I get the hassle without keeping venomous!
Again its mostly from those who dont understand or know anything.
So i just tend to reply: come and meet them and you will soon change your opinion! Otherwise go back into your hole! :whip:

At the end of the day if u keep venomous then you do so because your intrest in the species is deep. So you tend to know what your dealing with! People only comment negatively because they dont undertsand,
most people would like to understand if you give them a chance.


----------



## slippery42 (Mar 23, 2008)

*attitudes*

I've been lucky to work closely with Vipera berus for 30 odd years and keep herps for a similar time. As a regular photographer of "hots" I've also been in very close contact with a huge range of venomous species so the move into keeping DWA's didnt surprise my family.

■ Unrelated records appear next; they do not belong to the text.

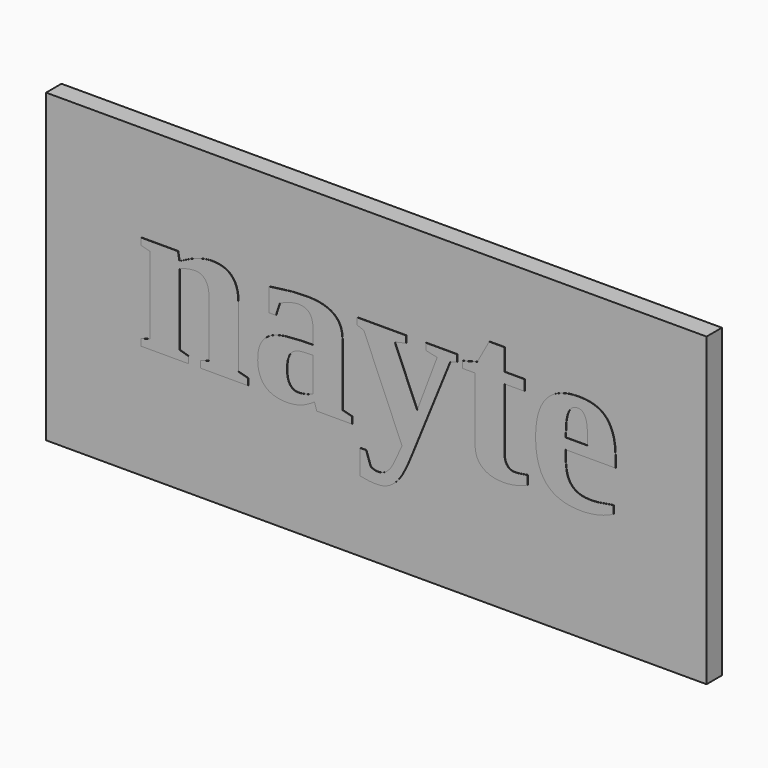
from build123d import *

# Parameters (mm, degrees)
F0_TEXT_SIZE = 38.474377964
F1_DEPTH     = 3.64911
F2_W         = 122.0555901527
F2_H         = 56.5669750795
F3_DEPTH     = 3.556


# Not quite as in the source:
# - Text() gives the source's letters only with a copy of the font that has no kerning and outlines rounded to 1/6400 em; it was checked with that copy


with BuildPart() as f1:
    # F0 (on Front) → F1 (new body)
    with BuildSketch(Plane.XZ):
        with Locations((-44.3807961436, 15.8626127897)):
            Text('nayte', F0_TEXT_SIZE, font='Tinos', font_style=FontStyle.BOLD, text_align=(TextAlign.LEFT, TextAlign.BOTTOM))
    extrude(amount=F1_DEPTH)


with BuildPart() as f3:
    # F2 (on Front) → F3 (new body)
    with BuildSketch(Plane.XZ):
        with Locations((0.0949092209, 23.0633807369)):
            Rectangle(F2_W, F2_H)
    extrude(amount=F3_DEPTH)


solid = Compound([f1.part, f3.part])

Real friends understand what drives me!

When asked by other people why keep something you cannot handle I give them the stock question in answer ..." can you handle your tropical fish?".


----------



## SiUK (Feb 15, 2007)

what if they dont keep tropical fish


----------



## Lucifus (Aug 30, 2007)

I get enough stick for keeping Spiders. Thankfully i got my mum to pick up my first and she now loves em. 

Id say they are just worried about you getting hurt, i had one person in his snake room on web cam before taking out some of his DWA's and showing it on the cam, (With hooks and safety of course) and i didn't like it. Mainly because if he was bitten i was at the other end of the country and could do sod all about it. The way i see it is their are very few deaths from owning DWA license animals. Their are more deaths and injury's from keeping horses as lets face it they too can be dangerous. That and it would be hypocritical of me to berate DWA owners when i want a caimen when i get my own place. :flrt:


----------



## craig8989 (Apr 23, 2008)

not many people understand DWA let alone snakes at all, once you have the knowledge and experience you no longer are afraid cautious yes but not afraid. maybe you could try to teach the people who give you stick bout it. maybe then they would think, yer ok he knows his stuff and they don't sound as bad as i first tought. thats how i got my parents to stop giving me grief about mine.


----------



## slippery42 (Mar 23, 2008)

*Oops*



SiUK said:


> what if they dont keep tropical fish


Never thought about that:bash:

My wife looks at people this way...... Those who like animals are generally ok!! Those who dont like animals are weird:crazy: and she doesnt trust them!!!


----------



## SiUK (Feb 15, 2007)

slippery42 said:


> Never thought about that:bash:
> 
> My wife looks at people this way...... Those who like animals are generally ok!! Those who dont like animals are weird:crazy: and she doesnt trust them!!!


I agree with your wife on that one, I dont see how anyone can not like animals.


----------



## 400runner (May 15, 2006)

my parents aren't that happy about it but seeing that am going about keeping them responsibly, they have come round. it helps that i have a room completely separate from the house tho so theres no need for them to go anywhere near them when i do get them.


----------



## Fangio (Jun 2, 2007)

Mason said:


> I was just about to say..
> 
> Try having 50%+ of the angry teenagers on this forum think you only keep retics to appear "cool" and every time you say a harsh word having it put down to "big snake keepers talk down to everyone else" or "big snake keepers think they are better than everyone else"
> 
> ...


You only have big snakes cos you have a small *ahem*:lol2:


Yeah I get annoyed with all that too. I have them because I love 'em not to look cool or any other reason. I couldn't give a rats ass if anyone out there agrees with me having them/likes them or not. I keep them for me, not other people.


----------



## Incubuss (Dec 19, 2006)

I keep hots because I love them, and want to study them. I just wish people would see it from my point. I've even had people say they won't come into my house because of them. But I don't give a :censor:, it is my passion and if they dont like it then it's their problem not mine. All my hots are in a thier own room and in FULL SECURE HOUSING and are as escape proof as I can make it.

Just wish people would listen before they make a judgment.


----------